Prior to each of their appointments to the Board, none of Messrs. Berman, Boller
or O'Connor owned any shares of Nayna. On May 17, 2005, the Board granted each
of Messrs. Berman, Boller and O'Connor, pursuant to Nayna's 2000 Stock Option
Plan, a nonqualified stock option to purchase 150,000 shares of Nayna common
stock, which shall vest quarterly, in equal installments over three years. Mr.
O'Connor was also granted a nonqualified stock option to purchase 10,000 shares
of Nayna common stock, which shall vest in full on the one-year anniversary of
the date of grant, as consideration for his service as the chairperson of the
Audit Committee. Each of Messrs. Berman and Boller were granted nonqualified
stock options to purchase 5,000 shares of Nayna common stock, each of which
shall vest in full on the one-year anniversary of the date of grant, as
consideration for their service as chairpersons of the Compensation Committee
and the Nominating Committee, respectively. In addition, each of Messrs. Berman,
Boller and O'Connor are eligible to receive a nonqualified stock option grant of
an additional 25,000 shares of Nayna common stock at each annual meeting of
shareholders, each of which shall vest in full on the one-year anniversary of
the date of grant.
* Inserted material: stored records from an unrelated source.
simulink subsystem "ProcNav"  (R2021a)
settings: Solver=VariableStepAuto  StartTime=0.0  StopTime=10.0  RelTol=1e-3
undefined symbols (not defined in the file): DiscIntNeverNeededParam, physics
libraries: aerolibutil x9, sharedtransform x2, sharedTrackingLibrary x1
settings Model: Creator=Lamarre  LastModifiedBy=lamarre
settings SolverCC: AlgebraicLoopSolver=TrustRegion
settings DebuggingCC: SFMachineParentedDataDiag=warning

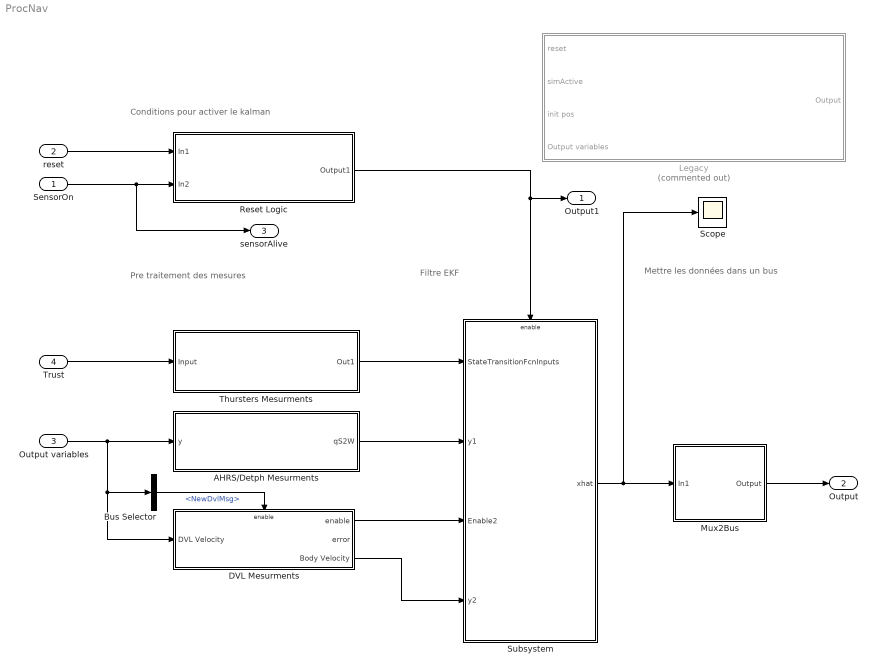
== system ProcNav ==
  note: Conditions pour activer le kalman
  note: Filtre EKF
  note: Pre traitement des mesures
  note: Mettre les données
      | dans un bus
  SensorOn : Inport
  reset : Inport  Port=2
  Output variables : Inport  Port=3
  Trust : Inport  Port=4
  AHRS/Detph Mesurments : Subsystem
  Bus Selector : BusSelector  OutputSignals=NewDvlMsg
  DVL Mesurments : Subsystem
  Legacy : Subsystem  Commented=on
  Mux2Bus : Subsystem
  Reset Logic : Subsystem
  Scope : Scope
  Subsystem : Subsystem
  Thursters Mesurments : Subsystem
  Output1 : Outport
  Output : Outport  Port=2
  sensorAlive : Outport  Port=3
  wires:
  DVL Mesurments/3(Body Velocity) -> Subsystem/4(y2)
  AHRS/Detph Mesurments/1(qS2W) -> Subsystem/2(y1)
  DVL Mesurments/1(enable) -> Subsystem/3(Enable2)
  Subsystem/1(xhat) -> Mux2Bus/1(In1), Scope/1
  Thursters Mesurments/1(Out1) -> Subsystem/1(StateTransitionFcnInputs)
  Output variables/1 -> DVL Mesurments/1(DVL Velocity), Bus Selector/1, AHRS/Detph Mesurments/1(y)
  Trust/1 -> Thursters Mesurments/1(Input)
  reset/1 -> Reset Logic/1(In1)
  SensorOn/1 -> Reset Logic/2(In2), sensorAlive/1
  Mux2Bus/1(Output) -> Output/1
  Bus Selector/1 -> DVL Mesurments/Enable  "<NewDvlMsg>"
  Reset Logic/1(Output1) -> Subsystem/Enable, Output1/1

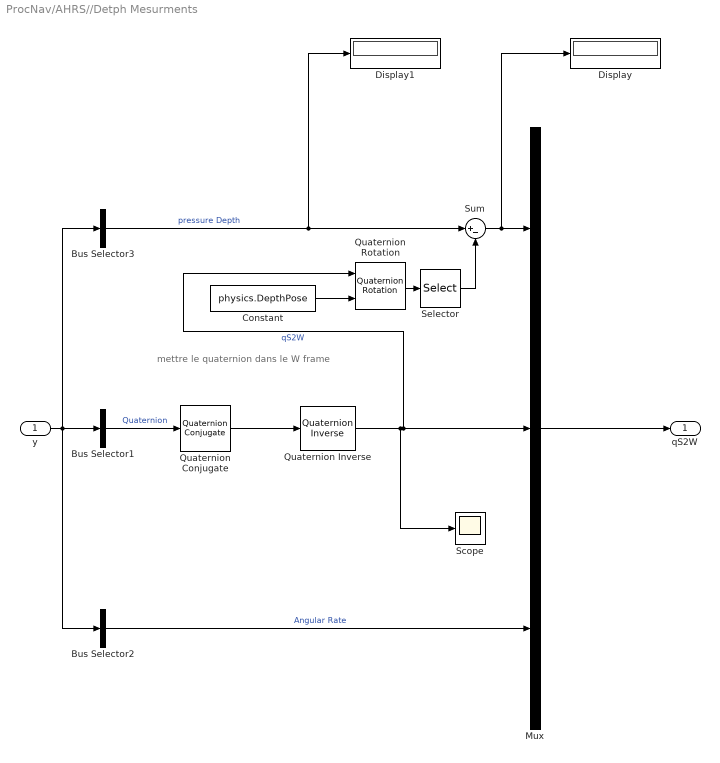
== system ProcNav/AHRS//Detph Mesurments ==
  note: mettre le quaternion dans le W frame
  y : Inport
  Bus Selector1 : BusSelector  OutputSignals=Quaternion  OutputAsBus=on
  Bus Selector2 : BusSelector  OutputSignals=Angular Rate  OutputAsBus=on
  Bus Selector3 : BusSelector  OutputSignals=Pressure Depth.Data  OutputAsBus=on
  Constant : Constant  Value=physics.DepthPose
  Display : Display
  Display1 : Display
  Mux : Mux  Inputs=3
  Quaternion Conjugate : aerolibutil/Quaternion Conjugate
      settings: SourceProductBaseCode=AE
  Quaternion Inverse : aerolibutil/Quaternion Inverse
  Quaternion Rotation : aerolibutil/Quaternion Rotation
  Scope : Scope
  Selector : Selector  InputPortWidth=3  IndexOptions=Index vector (dialog)  Indices=[3]  OutputSizes=1
  Sum : Sum  Inputs=|+-
  qS2W : Outport
  wires:
  Sum/1 -> Mux/1, Display/1
  Quaternion Rotation/1 -> Selector/1
  Selector/1 -> Sum/2
  Constant/1 -> Quaternion Rotation/2
  Bus Selector3/1 -> Sum/1, Display1/1  "pressure Depth"
  Quaternion Conjugate/1 -> Quaternion Inverse/1
  Mux/1 -> qS2W/1
  Bus Selector2/1 -> Mux/3  "Angular Rate"
  Quaternion Inverse/1 -> Mux/2, Quaternion Rotation/1, Scope/1  "qS2W"
  Bus Selector1/1 -> Quaternion Conjugate/1  "Quaternion"
  y/1 -> Bus Selector1/1, Bus Selector3/1, Bus Selector2/1

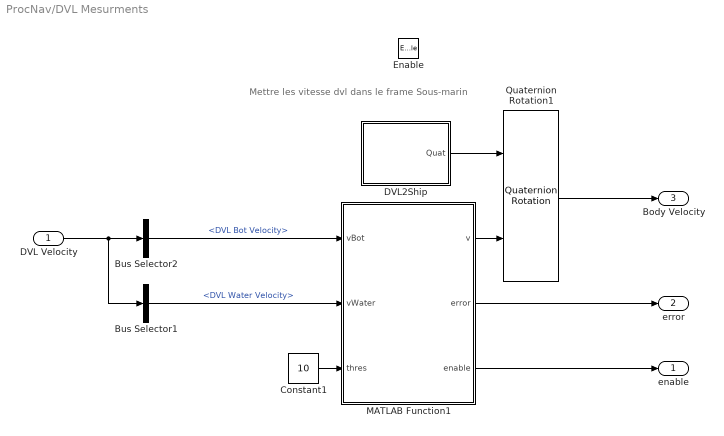
== system ProcNav/DVL Mesurments ==
  note: Mettre les vitesse dvl dans le frame Sous-marin
  DVL Velocity : Inport
  Enable : EnablePort
  Bus Selector1 : BusSelector  OutputSignals=DVL Water Velocity
  Bus Selector2 : BusSelector  OutputSignals=DVL Bot Velocity
  Constant1 : Constant  Value=10
  DVL2Ship : Subsystem
  MATLAB Function1 : MATLAB Function  TreatAsAtomicUnit=on
  Quaternion Rotation1 : aerolibutil/Quaternion Rotation
  enable : Outport
  error : Outport  Port=2
  Body Velocity : Outport  Port=3
  wires:
  MATLAB Function1/3(enable) -> enable/1
  Quaternion Rotation1/1 -> Body Velocity/1
  MATLAB Function1/2(error) -> error/1
  Bus Selector1/1 -> MATLAB Function1/2(vWater)  "<DVL Water Velocity>"
  Bus Selector2/1 -> MATLAB Function1/1(vBot)  "<DVL Bot Velocity>"
  DVL Velocity/1 -> Bus Selector2/1, Bus Selector1/1
  MATLAB Function1/1(v) -> Quaternion Rotation1/2
  Constant1/1 -> MATLAB Function1/3(thres)
  DVL2Ship/1(Quat) -> Quaternion Rotation1/1

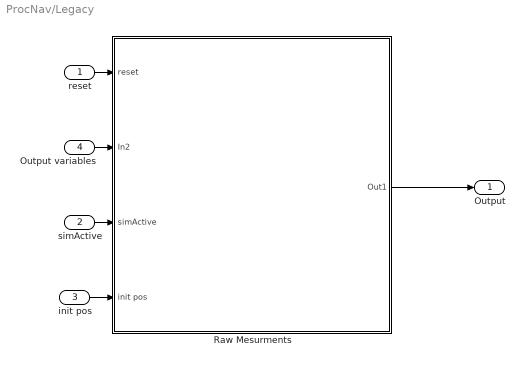
== system ProcNav/Legacy ==
  reset : Inport
  simActive : Inport  Port=2
  init pos : Inport  Port=3
  Output variables : Inport  Port=4
  "Raw Mesurments " : Subsystem
  Output : Outport
  wires:
  "Raw Mesurments "/1(Out1) -> Output/1
  init pos/1 -> "Raw Mesurments "/4(init pos)
  Output variables/1 -> "Raw Mesurments "/2(In2)
  reset/1 -> "Raw Mesurments "/1(reset)
  simActive/1 -> "Raw Mesurments "/3(simActive)

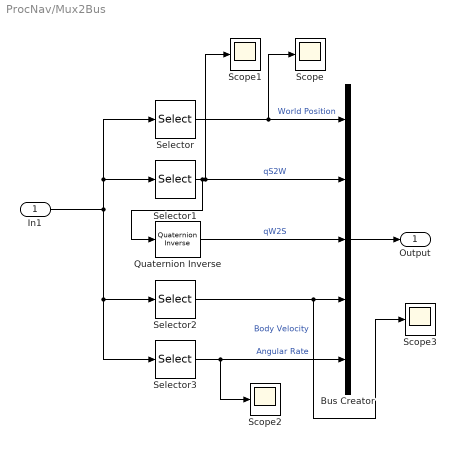
== system ProcNav/Mux2Bus ==
  In1 : Inport
  Bus Creator : BusCreator  Inputs=5
  Quaternion Inverse : aerolibutil/Quaternion Inverse
  Scope{,1..3} (4 alike) : Scope
  Selector : Selector  InputPortWidth=13  IndexOptions=Index vector (dialog)  Indices=[1:3]  OutputSizes=1
  Selector1 : Selector  InputPortWidth=13  IndexOptions=Index vector (dialog)  Indices=[4:7]  OutputSizes=1
  Selector2 : Selector  InputPortWidth=13  IndexOptions=Index vector (dialog)  Indices=[8:10]  OutputSizes=1
  Selector3 : Selector  InputPortWidth=13  IndexOptions=Index vector (dialog)  Indices=[11:13]  OutputSizes=1
  Output : Outport
  wires:
  Quaternion Inverse/1 -> Bus Creator/3  "qW2S"
  Selector2/1 -> Bus Creator/4, Scope3/1  "Body Velocity"
  Selector3/1 -> Bus Creator/5, Scope2/1  "Angular Rate"
  In1/1 -> Selector/1, Selector1/1, Selector2/1, Selector3/1
  Selector/1 -> Bus Creator/1, Scope/1  "World Position"
  Selector1/1 -> Bus Creator/2, Scope1/1, Quaternion Inverse/1  "qS2W"
  Bus Creator/1 -> Output/1

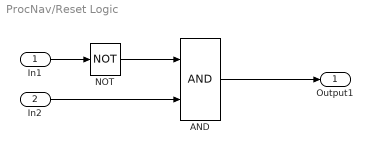
== system ProcNav/Reset Logic ==
  In1 : Inport
  In2 : Inport  Port=2
  AND : Logic  AllPortsSameDT=off  OutDataTypeStr=boolean
  NOT : Logic  Operator=NOT  AllPortsSameDT=off  OutDataTypeStr=boolean
  Output1 : Outport
  wires:
  AND/1 -> Output1/1
  In1/1 -> NOT/1
  NOT/1 -> AND/1
  In2/1 -> AND/2

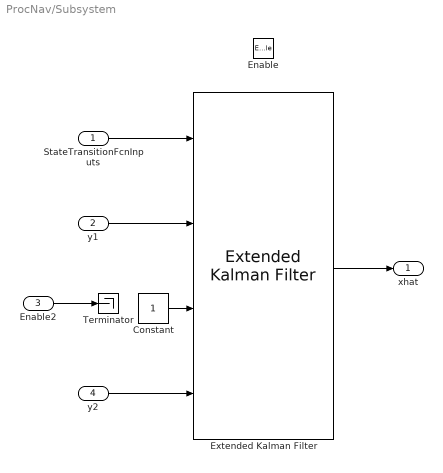
== system ProcNav/Subsystem ==
  StateTransitionFcnInputs : Inport
  y1 : Inport  Port=2
  Enable2 : Inport  Port=3
  y2 : Inport  Port=4
  Enable : EnablePort  StatesWhenEnabling=reset
  Constant : Constant
  Extended Kalman Filter : sharedTrackingLibrary/Extended Kalman Filter  StateTransitionFcn=EkfNavStatesEq  HasStateTransitionJacobianFcn=off  StateTransitionJacobianFcn=EkfNavJacobian  HasAdditiveProcessNoise=Additive  ProcessNoise=100  HasTimeVaryingProcessNoise=off  HasStateTransitionFcnExtraArgument=1  InitialState=[0,0,0.3,1,0,0,0,0,0,0,0,0,0]  InitialStateCovariance=[1,1,1,1,1,1,1,1,1,1,1,1,1]  MeasurementFcn1=EkfNavAhrsDepth  HasMeasurementJacobianFcn1=off  MeasurementJacobianFcn1=EkfJacobianNavAhrsDepth  HasMeasurementEnablePort1=off  HasAdditiveMeasurementNoise1=Additive  MeasurementNoise1=ones(1,8)*.1  HasTimeVaryingMeasurementNoise1=off  HasMeasurementFcnExtraArgument1=0  MeasurementFcn2=EkfNavDvl  HasMeasurementJacobianFcn2=off  MeasurementJacobianFcn2=EkfJacobianNavDvl  HasMeasurementEnablePort2=on  HasAdditiveMeasurementNoise2=Additive  MeasurementNoise2=ones(1,3)*0.1  HasTimeVaryingMeasurementNoise2=off  HasMeasurementFcnExtraArgument2=0  MeasurementFcn3=myMeasurementFcn  HasMeasurementJacobianFcn3=off  HasMeasurementEnablePort3=off  HasAdditiveMeasurementNoise3=Additive  MeasurementNoise3=1  HasTimeVaryingMeasurementNoise3=off  HasMeasurementFcnExtraArgument3=0  MeasurementFcn4=myMeasurementFcn  HasMeasurementJacobianFcn4=off  HasMeasurementEnablePort4=off  HasAdditiveMeasurementNoise4=Additive  MeasurementNoise4=1  HasTimeVaryingMeasurementNoise4=off  HasMeasurementFcnExtraArgument4=0  MeasurementFcn5=myMeasurementFcn  HasMeasurementJacobianFcn5=off  HasMeasurementEnablePort5=off  HasAdditiveMeasurementNoise5=Additive  MeasurementNoise5=1  HasTimeVaryingMeasurementNoise5=off  HasMeasurementFcnExtraArgument5=0  EnableMultirate=off  StateTransitionFcnSampleTime=1/20  MeasurementFcn1SampleTime=1/20  MeasurementFcn2SampleTime=1/10  MeasurementFcn3SampleTime=1  MeasurementFcn4SampleTime=1  MeasurementFcn5SampleTime=1  UseCurrentEstimator=on  OutputStateCovariance=off  DataType=double  SampleTime=1/20  NumberOfMeasurements=2
      settings: SourceProductBaseCode=CT,DR,TF,ID,LP,NV,AR,RO,RR,UV,VE
  Terminator : Terminator
  xhat : Outport
  wires:
  Enable2/1 -> Terminator/1
  Constant/1 -> Extended Kalman Filter/3
  y2/1 -> Extended Kalman Filter/4
  y1/1 -> Extended Kalman Filter/2
  StateTransitionFcnInputs/1 -> Extended Kalman Filter/1
  Extended Kalman Filter/1 -> xhat/1

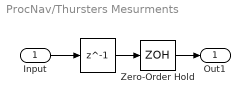
== system ProcNav/Thursters Mesurments ==
  Input : Inport
  " " : Delay  DelayLength=1  InitialCondition=[0,0,0,0,0,0,0,0]
  Zero-Order Hold : ZeroOrderHold  SampleTime=1/20
  Out1 : Outport
  wires:
  " "/1 -> Zero-Order Hold/1
  Zero-Order Hold/1 -> Out1/1
  Input/1 -> " "/1

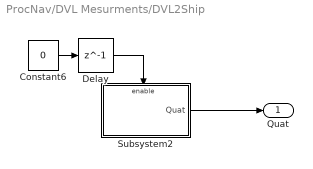
== system ProcNav/DVL Mesurments/DVL2Ship ==
  Constant6 : Constant  Value=0
  Delay : Delay  DelayLength=1  InitialCondition=1
  Subsystem2 : Subsystem
  Quat : Outport
  wires:
  Delay/1 -> Subsystem2/Enable
  Constant6/1 -> Delay/1
  Subsystem2/1(Quat) -> Quat/1

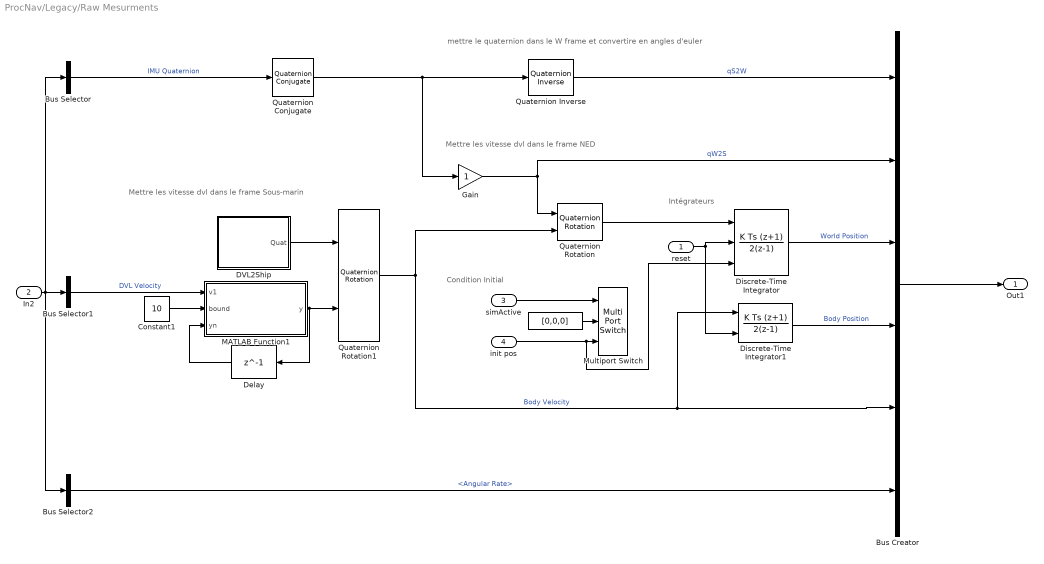
== system ProcNav/Legacy/Raw Mesurments  ==
  note: Mettre les vitesse dvl dans le frame Sous-marin
  note: Mettre les vitesse dvl dans le frame NED
  note: mettre le quaternion dans le W frame et convertire en angles d'euler
  note: Intégrateurs
  note: Condition Initial
  reset : Inport
  In2 : Inport  Port=2
  simActive : Inport  Port=3
  init pos : Inport  Port=4
  " " : Constant  Value=[0,0,0]
  Bus Creator : BusCreator  Inputs=6
  Bus Selector : BusSelector  OutputSignals=Quaternion  OutputAsBus=on
  Bus Selector1 : BusSelector  OutputSignals=DVL Bot Velocity  OutputAsBus=on
  Bus Selector2 : BusSelector  OutputSignals=Angular Rate
  Constant1 : Constant  Value=10
  DVL2Ship : Subsystem
  Delay : Delay  DelayLength=1  InitialCondition=0  UseCircularBuffer=on
  Discrete-Time Integrator : DiscreteIntegrator  IntegratorMethod=Integration: Trapezoidal  gainval=1%47/70  ExternalReset=rising  InitialConditionSource=external  SampleTime=1/20  ICPrevOutput=DiscIntNeverNeededParam  ICPrevScaledInput=DiscIntNeverNeededParam
  Discrete-Time Integrator1 : DiscreteIntegrator  IntegratorMethod=Integration: Trapezoidal  ExternalReset=rising  SampleTime=1/20  ICPrevOutput=DiscIntNeverNeededParam  ICPrevScaledInput=DiscIntNeverNeededParam
  Gain : Gain
  MATLAB Function1 : MATLAB Function  TreatAsAtomicUnit=on
  Multiport Switch : MultiPortSwitch  DataPortOrder=Zero-based contiguous  Inputs=2  zeroidx=on
  Quaternion Conjugate : aerolibutil/Quaternion Conjugate
      settings: SourceProductBaseCode=AE
  Quaternion Inverse : aerolibutil/Quaternion Inverse
  Quaternion Rotation : aerolibutil/Quaternion Rotation
  Quaternion Rotation1 : aerolibutil/Quaternion Rotation
  Out1 : Outport
  wires:
  Bus Selector2/1 -> Bus Creator/6  "<Angular Rate>"
  Discrete-Time Integrator1/1 -> Bus Creator/4  "Body Position"
  Bus Selector1/1 -> MATLAB Function1/1(v1)  "DVL Velocity"
  reset/1 -> Discrete-Time Integrator/2, Discrete-Time Integrator1/2
  Quaternion Rotation1/1 -> Quaternion Rotation/2, Discrete-Time Integrator1/1, Bus Creator/5  "Body Velocity"
  Bus Selector/1 -> Quaternion Conjugate/1  "IMU Quaternion"
  Delay/1 -> MATLAB Function1/3(yn)
  " "/1 -> Multiport Switch/2
  Gain/1 -> Bus Creator/2, Quaternion Rotation/1  "qW2S"
  Bus Creator/1 -> Out1/1
  simActive/1 -> Multiport Switch/1
  MATLAB Function1/1(y) -> Quaternion Rotation1/2, Delay/1
  In2/1 -> Bus Selector1/1, Bus Selector/1, Bus Selector2/1
  Quaternion Conjugate/1 -> Quaternion Inverse/1, Gain/1
  init pos/1 -> Multiport Switch/3, Discrete-Time Integrator/3
  Quaternion Inverse/1 -> Bus Creator/1  "qS2W"
  Constant1/1 -> MATLAB Function1/2(bound)
  Quaternion Rotation/1 -> Discrete-Time Integrator/1
  DVL2Ship/1(Quat) -> Quaternion Rotation1/1
  Discrete-Time Integrator/1 -> Bus Creator/3  "World Position"

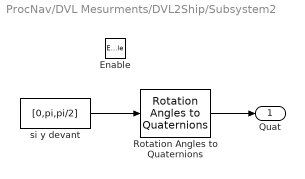
== system ProcNav/DVL Mesurments/DVL2Ship/Subsystem2 ==
  Enable : EnablePort
  Rotation Angles to Quaternions : sharedtransform/Rotation Angles to Quaternions  rotationOrder=XYZ  aMode=aMode
      settings: SourceProductBaseCode=AE,PW,MT,VE,VP
  si y devant : Constant  Value=[0,pi,pi/2]
  Quat : Outport
  wires:
  Rotation Angles to Quaternions/1 -> Quat/1
  si y devant/1 -> Rotation Angles to Quaternions/1

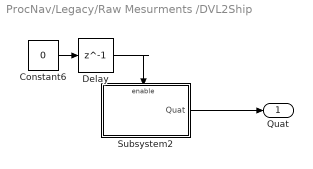
== system ProcNav/Legacy/Raw Mesurments /DVL2Ship ==
  Constant6 : Constant  Value=0
  Delay : Delay  DelayLength=1  InitialCondition=1
  Subsystem2 : Subsystem
  Quat : Outport
  wires:
  Delay/1 -> Subsystem2/Enable
  Constant6/1 -> Delay/1
  Subsystem2/1(Quat) -> Quat/1

== system ProcNav/Legacy/Raw Mesurments /DVL2Ship/Subsystem2 ==
  Enable : EnablePort
  Rotation Angles to Quaternions : sharedtransform/Rotation Angles to Quaternions  rotationOrder=XYZ  aMode=aMode
      settings: SourceProductBaseCode=AE,PW,MT,VE,VP
  si y devant : Constant  Value=[0,pi,pi/2]
  Quat : Outport
  wires:
  Rotation Angles to Quaternions/1 -> Quat/1
  si y devant/1 -> Rotation Angles to Quaternions/1

== matlab function ProcNav/Legacy/Raw Mesurments /MATLAB Function1 ==
  data: v1 input; y output; bound input; yn input
function y = DVLWrap(v1,bound,yn)

 for i=1: size(v1,1)
     if v1(i)<-bound || v1(i)>bound
         v1(i)=yn(i);
     end
 end
y = v1(1:3);

== matlab function ProcNav/DVL Mesurments/MATLAB Function1 ==
  data: vBot input; vWater input; v output; error output; thres input; enable output
function [v, error, enable] = DVLManager(vBot,vWater,thres)

    if max(abs(vBot))< thres
        %retouner les vitesse du bottom tracking (normal)
        v = vBot(1:3);
        enable = 1;
        error = ones(1,3) * vBot(4);
    elseif max(abs(vWater))< thres
        % retouner les vitesse du water profiling si bottom tracking fail
        v = vWater(1:3);
        enable = 0;
        error = ones(1,3) * vWater(4);
    else
        % Désactiver le dvl si mauvais data
        v = zeros(3,1);
        enable = 0;
        error = ones(1,3) * vBot(4);
    end
end

A copy of the press release announcing the election of new
members of the Board is attached hereto as Exhibit 99.2.

Item 5.03.  AMENDMENTS TO ARTICLES OF INCORPORATION OR BYLAWS; CHANGE IN FISCAL
YEAR

On May 17, 2005, the Board resolved to change Nayna's fiscal year from one
ending August 31 to one ending December 31. Pursuant to Rule 13a-10 under the
Securities Exchange Act of 1934, Nayna will file a separate transition period
report on Form 10-KSB for the period commencing September 1, 2004 and concluding
December 31, 2004.


Item 9.01.  FINANCIAL STATEMENTS AND EXHIBITS

(c)  Exhibits.

Exhibit No.    Description
- -----------    -----------

10.1           Agreement and Plan of Reorganization by and among Nayna Networks,
               Inc., SSDI Acquisition Corporation and South Seas Data, Inc.
99.1           Press Release, dated May 18, 2005, announcing the signing of the
               Agreement and Plan of Reorganization with South Seas Data, Inc.
99.2           Press Release, dated May 23, 2005, announcing the election of new
               members of the Board.


                                   SIGNATURES

          Pursuant to the requirements of the Securities Exchange Act of 1934,
the registrant has duly caused this report to be signed on its behalf by the
undersigned hereunto duly authorized.

                                       NAYNA NETWORKS, INC.

                                    By: /s/ Naveen S. Bisht
                                       ------------------------------------
                                       Naveen S. Bisht
                                       President and Chief Executive Officer


Date:  May 23, 2005



                                  EXHIBIT INDEX

Exhibit No.    Description
- -----------    -----------

10.1           Agreement and Plan of Reorganization, dated May 17, 2005, by and
               among Nayna Networks, Inc., SSDI Acquisition Corporation and
               South Seas Data, Inc.
99.1           Press Release, dated May 18, 2005, announcing the signing of the
               Agreement and Plan of Reorganization with South Seas Data, Inc.
99.2           Press Release, dated May 23, 2005, announcing the election of new
               members of the Board.